Is This the Real Root of the Irish? By Patrick O’ Flanagan
Ancient bones discovered under an Irish pub are allegedly casting doubt on whether the Irish are Celtic at all, or so they say. This is all based upon DNA analysis of the three skeletons, plus a third Neolithic woman from Ballynahatty, supposedly indicating a Near East origin. Now that is possible, that a Near Eastern people may have come to Ireland 1,000 years before the Celts, or the skeletons of people that have been discovered could be a small sample of travellers who came to Ireland, then died out. But it is a long bow to pull to say that the Irish are not Celts, as there is a wealth of genetic analysis showing that they are quiet distinct from Near East populations. Anything for a headline.
“The chance discovery of ancient bones under an Irish pub in the mid-2000s has cast doubt over whether Irish people are actually related to the ancient Celts at all.
In 2006, Bertie Currie was clearing land to make a driveway for McCuaig's Bar on Rathlin Island off Antrim when he noticed a large, flat stone buried beneath the surface.
Currie realized that there was a large gap underneath the stone and investigated further.
"I shot the torch in and saw the gentleman, well, his skull and bones," Currie told the Washington Post in March 2016.
He eventually found the remains of three humans and immediately called the police.
The police arrived on the scene and discovered that this was not a crime scene but an ancient burial site.
It turned out to be a hugely significant ancient burial site as well that, with DNA analysis, could completely alter the perception that Irish people are descended from Celts.
A number of prominent professors at esteemed universities in Ireland and Britain analyzed the bones and said that the discovery could rewrite Irish history and ancestry.
DNA researchers found that the three skeletons found under Currie's pub are the ancestors of modern Irish people and predate the Celts' arrival on Irish shores by around 1,000 years.
Essentially, Irish DNA existed in Ireland before the Celts ever set foot on the island.
Instead, Irish ancestors may have come to Ireland from the Bible lands in the Middle East. They might have arrived in Ireland from the South Mediterranean and would have brought cattle, cereal, and ceramics with them.
The Proceedings of the National Academy of Science (PNAS) said in 2015 that the bones strikingly resembled those of contemporary Irish, Scottish, and Welsh people.

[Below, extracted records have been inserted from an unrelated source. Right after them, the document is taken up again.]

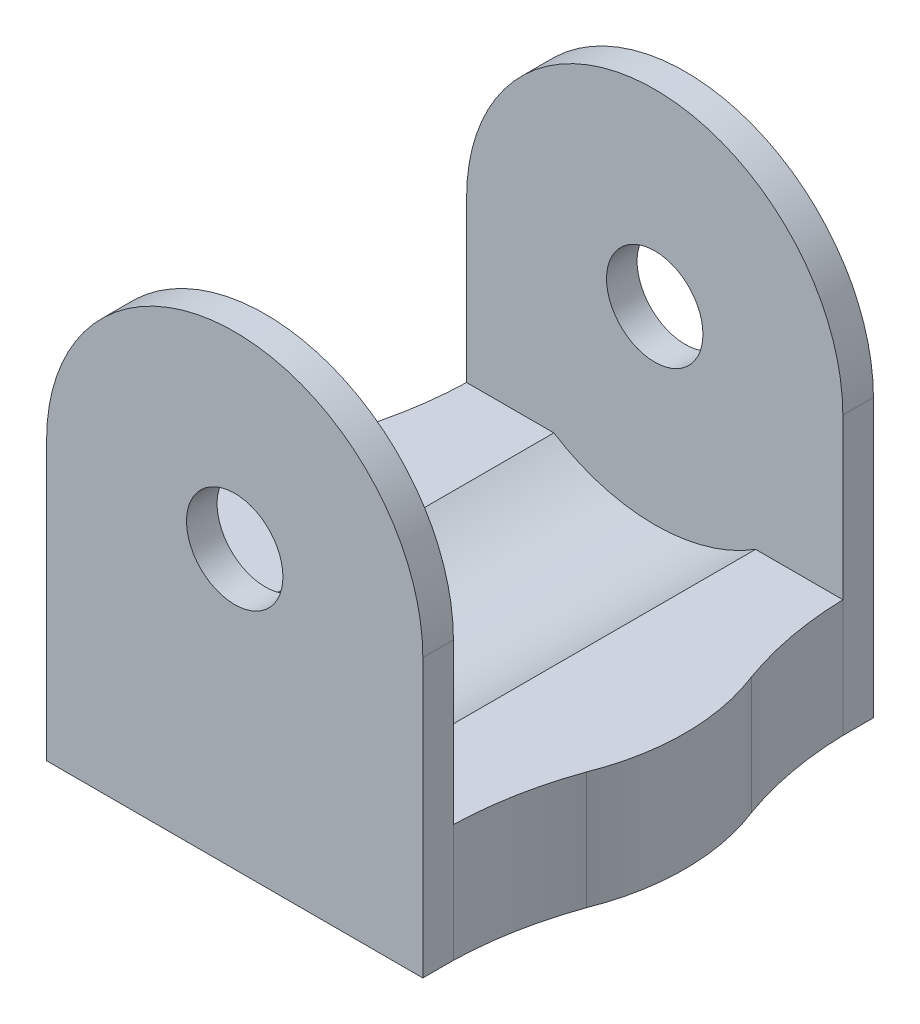
SolidWorks part; units mm, degrees
ref_plane "Front Plane" through (0, 0, 0) normal (0, 0, 1) x (1, 0, 0)
ref_plane "Top Plane" through (0, 0, 0) normal (0, 1, 0) x (1, 0, 0)
ref_plane "Right Plane" through (0, 0, 0) normal (1, 0, 0) x (0, 0, -1)
sketch "Sketch1" plane through (0, 0, 0) normal (0, 1, 0) x (1, 0, 0)
  circle A0 centre (0, 0) radius 41.5
  circle A1 centre (0, 0) radius 47.8
  dimension "D1" = 83
  dimension "D2" = 6.3
extrude "Cap base" add sketch "Sketch1" along normal blind 15
sketch "Sketch2" plane through (0, 15, 0) normal (0, 1, 0) x (1, 0, 0)
  circle A0 centre (0, 0) radius 47.8 construction
  circle A1 centre (0, 0) radius 47.8
extrude "Cap top" add sketch "Sketch2" along normal blind 10
sketch "Sketch3" plane through (0, 0, 0) normal (0, 0, 1) x (1, 0, 0)
  line L0 (-41.5, 15) -> (41.5, 15) construction
  line L1 (-40, 59) -> (-40, 0)
  line L2 (-47.8, 0) -> (47.8, 0) construction
  line L3 (40, 59) -> (40, 0)
  line L4 (40, 0) -> (-40, 0)
  arc A0 (40, 59) -> (-40, 59) centre (0, 59) ccw
  dimension "D1" = 80
  dimension "D2" = 44
  dimension "D3" = 59
extrude "Sides" add sketch "Sketch3" along normal blind 6.5 from offset 41.4
sketch "Sketch4" plane through (0, 25, 0) normal (0, 1, 0) x (1, 0, 0)
  line L1 (40, -41.4) -> (-40, -41.4) construction
  line L2 (0, -55) -> (0, 55) construction
  line L3 (40, -41.4) -> (23.8931, -41.4)
  line L4 (-23.8931, -41.4) -> (-40, -41.4)
  arc A0 (-40, -41.4) -> (-45.1045, -15.8247) centre (-116.4461, -43.3607) ccw
  arc A1 (23.8931, -41.4) -> (-23.8931, -41.4) centre (0, 0) ccw construction
  arc A2 (40, -41.4) -> (45.1045, -15.8247) centre (116.4461, -43.3607) cw
  arc A3 (23.8931, -41.4) -> (45.1045, -15.8247) centre (0, 0) ccw
  arc A4 (-45.1045, -15.8247) -> (-23.8931, -41.4) centre (0, 0) ccw
  arc M1 (23.8931, -41.4) -> (-23.8931, -41.4) centre (0, 0) ccw
  dimension "D1" = 25.5753
  dimension "D2" = 76.4712
extrude "Sides to cap" add sketch "Sketch4" against normal blind 25 contours A0 L4 M1 | L3 A2 M1
mirror "Mirror1" about plane through (0, 0, 0) normal (0, 0, 1) of "Sides to cap"
mirror "Mirror sides" about plane through (0, 0, 0) normal (0, 0, 1) of "Sides"
sketch "Sketch5" plane through (0, 0, 41.4) normal (0, 0, -1) x (-1, 0, 0)
  circle A0 centre (0, 59) radius 40.2
  dimension "D1" = 80.4
extrude "Tracks for housing" cut sketch "Sketch5" along normal blind 45
mirror "Mirror tracks" about plane through (0, 0, 0) normal (0, 0, 1) of "Tracks for housing"
sketch "Sketch6" plane through (0, 0, 47.9) normal (0, 0, 1) x (1, 0, 0)
  circle A0 centre (0, 59) radius 10.25
  dimension "D1" = 20.5
extrude "Hole for gear shafts" cut sketch "Sketch6" against normal through all
equation "\"D2@Sketch3\"=\"D1@Sketch3\"/2+4"
equation "\"D3@Sketch3\"=\"D2@Sketch3\"+15"
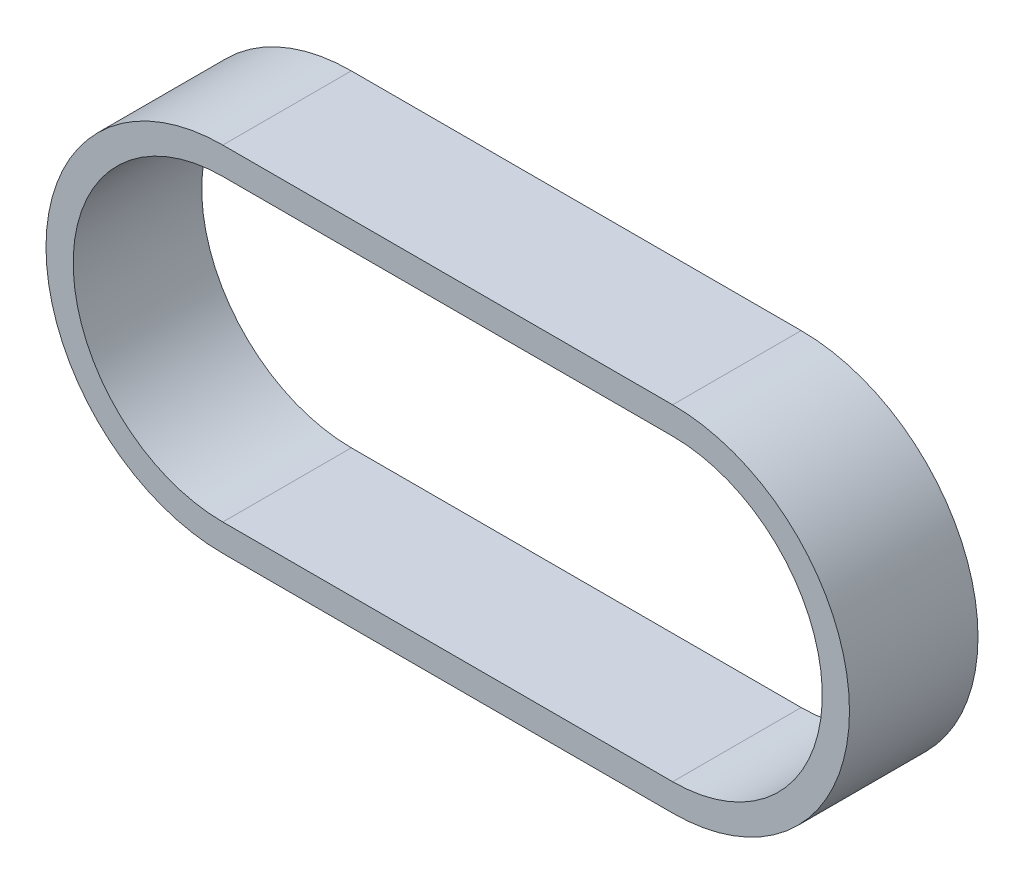
SolidWorks part; units mm, degrees
material "Rubber"
ref_plane "Front Plane" through (0, 0, 0) normal (0, 0, 1) x (1, 0, 0)
ref_plane "Top Plane" through (0, 0, 0) normal (0, 1, 0) x (1, 0, 0)
ref_plane "Right Plane" through (0, 0, 0) normal (1, 0, 0) x (0, 0, -1)
sketch "Sketch1" plane through (0, 0, 0) normal (0, 0, 1) x (1, 0, 0)
  line L0 (0, 20.6375) -> (52.5018, 20.6375)
  line L1 (0, 17.4625) -> (52.5018, 17.4625)
  line L2 (0, -17.4625) -> (52.5018, -17.4625)
  line L3 (0, -20.6375) -> (52.5018, -20.6375)
  arc A0 (0, 17.4625) -> (0, -17.4625) centre (0, 0) ccw
  arc A1 (0, 20.6375) -> (0, -20.6375) centre (0, 0) ccw
  arc A2 (52.5018, -20.6375) -> (52.5018, 20.6375) centre (52.5018, 0) ccw
  arc A3 (52.5018, -17.4625) -> (52.5018, 17.4625) centre (52.5018, 0) ccw
  dimension "D1" = 20.6375
  dimension "D2" = 17.4625
  dimension "D3" = 52.5018
extrude "Boss-Extrude1" add sketch "Sketch1" along normal blind 15
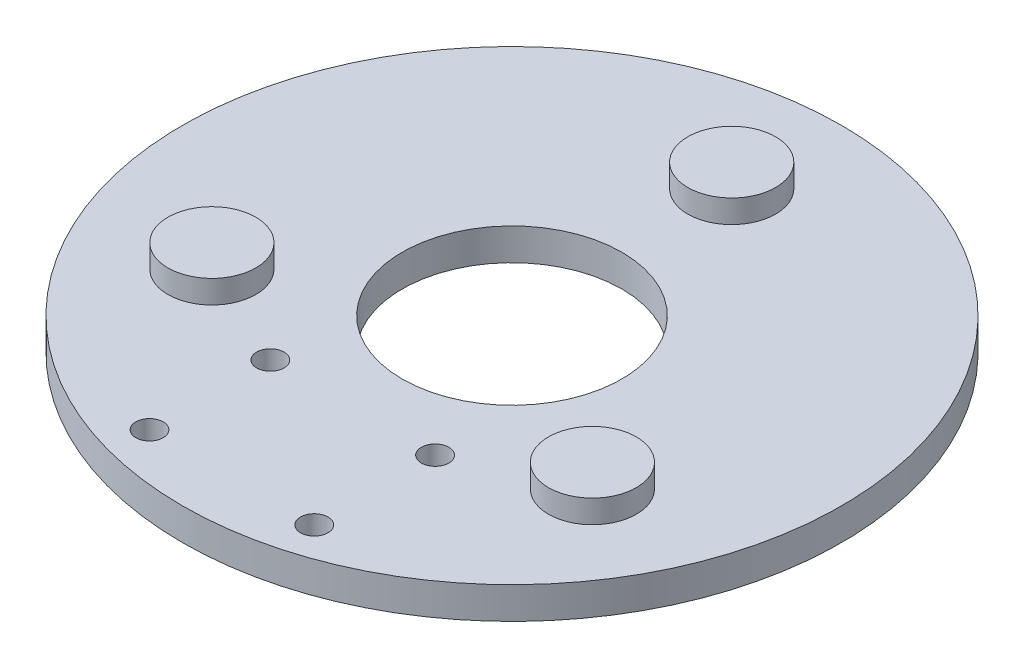
SolidWorks part; units mm, degrees
ref_plane "Front Plane" through (0, 0, 0) normal (0, 0, 1) x (1, 0, 0)
ref_plane "Top Plane" through (0, 0, 0) normal (0, 1, 0) x (1, 0, 0)
ref_plane "Right Plane" through (0, 0, 0) normal (1, 0, 0) x (0, 0, -1)
sketch "Sketch1" plane through (0, 0, 0) normal (0, 1, 0) x (1, 0, 0)
  circle A0 centre (0, 0) radius 25.4
  circle A1 centre (0, 0) radius 76.2
  dimension "D1" = 50.8
  dimension "D2" = 152.4
extrude "Boss-Extrude1" add sketch "Sketch1" along normal blind 7.366
sketch "Sketch2" plane through (0, 7.366, 0) normal (0, 1, 0) x (1, 0, 0)
  line L0 (0, 0) -> (-43.9941, -25.4) construction
  line L2 (0, 0) -> (0, 50.8) construction
  circle A0 centre (0, 50.8) radius 10.16
  circle A1 centre (-43.9941, -25.4) radius 10.16
  circle A2 centre (43.9941, -25.4) radius 10.16
  dimension "D1" = 3
  dimension "D2" = 20.32
extrude "Boss-Extrude2" add sketch "Sketch2" along normal blind 5.334
sketch "Sketch3" plane through (0, 7.366, 0) normal (0, 1, 0) x (1, 0, 0)
  line L0 (0, 0) -> (0, -76.2) construction
  line L1 (0, -30.48) -> (25.4, -30.48) construction
  line L2 (25.4, -30.48) -> (25.4, -71.12) construction
  line L3 (25.4, -71.12) -> (0, -71.12) construction
  line L5 (0, -25.4) -> (0, -76.2) construction
  circle A0 centre (0, 0) radius 76.2 construction
  circle A1 centre (-19.05, -64.77) radius 3.175
  circle A2 centre (0, 0) radius 25.4 construction
  circle A3 centre (19.05, -36.83) radius 3.175
  circle A4 centre (19.05, -64.77) radius 3.175
  circle A5 centre (-19.05, -36.83) radius 3.175
  dimension "D5" = 6.35
  dimension "D2" = 6.35
  dimension "D8" = 6.35
  dimension "D9" = 6.35
  dimension "D1" = 25.4
  dimension "D3" = 40.64
  dimension "D4" = 5.08
  dimension "D6" = 6.35
  dimension "D7" = 6.35
extrude "Cut-Extrude1" cut sketch "Sketch3" against normal through all
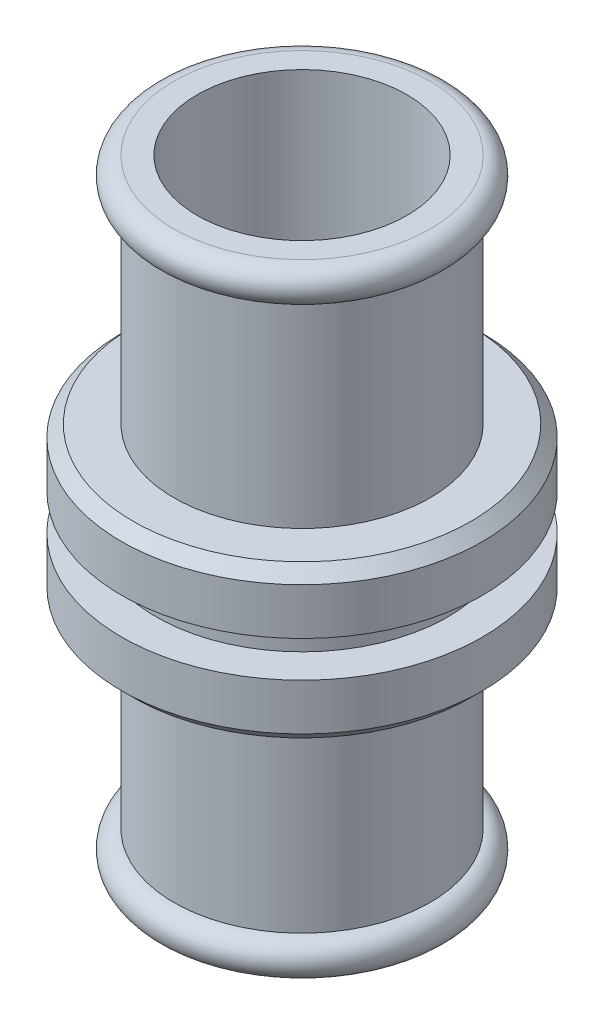
SolidWorks part; units mm, degrees
ref_plane "Alzado" through (0, 0, 0) normal (0, 0, 1) x (1, 0, 0)
ref_plane "Planta" through (0, 0, 0) normal (0, 1, 0) x (1, 0, 0)
ref_plane "Vista lateral" through (0, 0, 0) normal (1, 0, 0) x (0, 0, -1)
sketch "Croquis1" plane through (0, 0, 0) normal (0, 0, 1) x (1, 0, 0)
  line L0 (6.75, -7.5) -> (7.75, -8.5)
  line L1 (7.75, -12.5) -> (1.25, -12.5)
  line L2 (7.75, -12.5) -> (7.75, 12.5) construction
  line L3 (7.75, 12.5) -> (-7.75, 12.5) construction
  line L4 (-7.75, -12.5) -> (-7.75, 12.5) construction
  line L5 (7.75, -12.5) -> (-7.75, 12.5) construction
  line L6 (7.75, 12.5) -> (-7.75, -12.5) construction
  line L7 (1.25, -12.5) -> (7.75, -12.5)
  line L8 (-7.75, -12.5) -> (-7.75, -7.5)
  line L9 (7.75, -40.6023) -> (-7.75, -15.6023) construction
  line L10 (7.75, -12.5) -> (7.75, -8.5)
  line L11 (3.25, -7.5) -> (6.75, -7.5)
  line L12 (1.25, -12.5) -> (4.7653, -12.5)
  line L13 (-7.75, -7.5) -> (-7.75, 12.5)
  line L14 (1.25, 12.5) -> (3.25, 12.5)
  line L15 (3.25, -7.5) -> (3.25, 9.5)
  line L16 (1.25, -12.5) -> (1.25, -15.6023)
  line L17 (1.25, -14.0511) -> (4.7653, -14.0511)
  line L18 (-7.75, 12.5) -> (-7.75, -12.5)
  line L19 (-7.75, -12.5) -> (1.25, -12.5)
  line L20 (1.25, 12.5) -> (1.25, -12.5)
  line L21 (4.7653, -12.5) -> (4.7653, -15.6023)
  line L22 (7.75, -15.6023) -> (-7.75, -40.6023) construction
  line L23 (-7.75, -15.6023) -> (-7.75, -40.6023) construction
  line L24 (7.75, -40.6023) -> (-7.75, -40.6023) construction
  line L25 (7.75, -15.6023) -> (7.75, -40.6023) construction
  line L26 (1.25, -40.6023) -> (1.25, -15.6023)
  line L27 (-7.75, -15.6023) -> (1.25, -15.6023)
  line L28 (-7.75, -40.6023) -> (-7.75, -15.6023)
  line L29 (3.25, -20.6023) -> (3.25, -37.6023)
  line L30 (1.25, -40.6023) -> (3.25, -40.6023)
  line L31 (-7.75, -20.6023) -> (-7.75, -40.6023)
  line L32 (1.25, -15.6023) -> (4.7653, -15.6023)
  line L33 (3.25, -20.6023) -> (6.75, -20.6023)
  line L34 (7.75, -15.6023) -> (7.75, -19.6023)
  line L35 (-7.75, -15.6023) -> (-7.75, -20.6023)
  line L36 (1.25, -15.6023) -> (7.75, -15.6023)
  line L37 (7.75, -15.6023) -> (1.25, -15.6023)
  line L38 (6.75, -20.6023) -> (7.75, -19.6023)
  arc A0 (3.25, 12.5) -> (3.25, 9.5) centre (3.25, 11) cw
  arc A1 (3.25, -40.6023) -> (3.25, -37.6023) centre (3.25, -39.1023) ccw
  point P0 (0, 0)
  point P6 (7.75, -7.5)
  point P33 (7.75, -20.6023)
  point P34 (0, -28.1023)
  dimension "D5" = 1.5
  dimension "D1" = 15.5
  dimension "D2" = 25
  dimension "D3" = 5
  dimension "D4" = 11
  dimension "D7" = 9
revolve "Revolución1" add sketch "Croquis1" angle 360 about L13
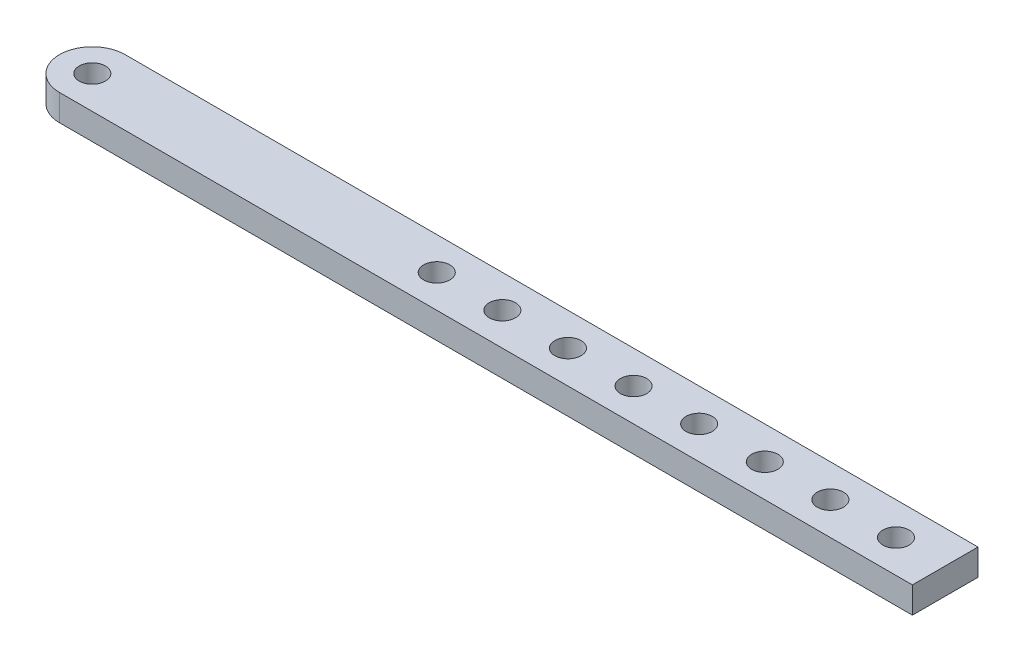
SolidWorks part; units mm, degrees
ref_plane "Front Plane" through (0, 0, 0) normal (0, 0, 1) x (1, 0, 0)
ref_plane "Top Plane" through (0, 0, 0) normal (0, 1, 0) x (1, 0, 0)
ref_plane "Right Plane" through (0, 0, 0) normal (1, 0, 0) x (0, 0, -1)
sketch "Sketch1" plane through (0, 0, 0) normal (0, 1, 0) x (1, 0, 0)
  line L0 (0, -10) -> (0, 10) construction
  line L2 (0, 10) -> (260, 10)
  line L4 (0, -10) -> (260, -10)
  line L5 (260, 10) -> (260, -10)
  arc A0 (0, 10) -> (0, -10) centre (0, 0) ccw
  dimension "D2" = 10
  dimension "D1" = 20
  dimension "D3" = 260
extrude "Boss-Extrude1" add sketch "Sketch1" along normal blind 8
sketch "Sketch2" plane through (0, 8, 0) normal (0, 1, 0) x (1, 0, 0)
  circle A0 centre (0, 0) radius 4
  dimension "D1" = 8
extrude "Cut-Extrude1" cut sketch "Sketch2" against normal blind 8
sketch "Sketch3" plane through (0, 8, 0) normal (0, 1, 0) x (1, 0, 0)
  line L0 (260, -10) -> (260, 10) construction
  line L1 (260, 10) -> (0, 10) construction
  circle A0 centre (245, 0) radius 4
  dimension "D1" = 8
  dimension "D2" = 15
  dimension "D3" = 10
extrude "Cut-Extrude2" cut sketch "Sketch3" against normal blind 10
pattern_linear "LPattern1" count 8 spacing 20 along (-1, 0, 0) of "Cut-Extrude2"

A retired archaeology professor at the highly-renowned University of Oxford said that the discovery could completely change the perception of Irish ancestry.
“The DNA evidence based on those bones completely upends the traditional view,” said Barry Cunliffe, an emeritus professor of archaeology at Oxford.
Radiocarbon dating at Currie's McCuaig's Bar found that the ancient bones date back to at least 2,000 BC, which is hundreds of years older than the oldest known Celtic artifacts anywhere in the world.
Dan Bradley, a genetics professor at Trinity College, said in 2016 that the discovery could challenge the popular belief that Irish people are related to Celts.
“The genomes of the contemporary people in Ireland are older — much older — than we previously thought,” he said.
https://www.pnas.org/content/113/2/368
“The Neolithic and Bronze Age transitions were profound cultural shifts catalyzed in parts of Europe by migrations, first of early farmers from the Near East and then Bronze Age herders from the Pontic Steppe. However, a decades-long, unresolved controversy is whether population change or cultural adoption occurred at the Atlantic edge, within the British Isles. We address this issue by using the first whole genome data from prehistoric Irish individuals. A Neolithic woman (3343–3020 cal BC) from a megalithic burial (10.3× coverage) possessed a genome of predominantly Near Eastern origin. She had some hunter–gatherer ancestry but belonged to a population of large effective size, suggesting a substantial influx of early farmers to the island. Three Bronze Age individuals from Rathlin Island (2026–1534 cal BC), including one high coverage (10.5×) genome, showed substantial Steppe genetic heritage indicating that the European population upheavals of the third millennium manifested all of the way from southern Siberia to the western ocean. This turnover invites the possibility of accompanying introduction of Indo-European, perhaps early Celtic, language. Irish Bronze Age haplotypic similarity is strongest within modern Irish, Scottish, and Welsh populations, and several important genetic variants that today show maximal or very high frequencies in Ireland appear at this horizon. These include those coding for lactase persistence, blue eye color, Y chromosome R1b haplotypes, and the hemochromatosis C282Y allele; to our knowledge, the first detection of a known Mendelian disease variant in prehistory. These findings together suggest the establishment of central attributes of the Irish genome 4,000 y ago.”
No, there would need to be a comprehensive genetic analysis of the present white Irish population to establish such a relationship.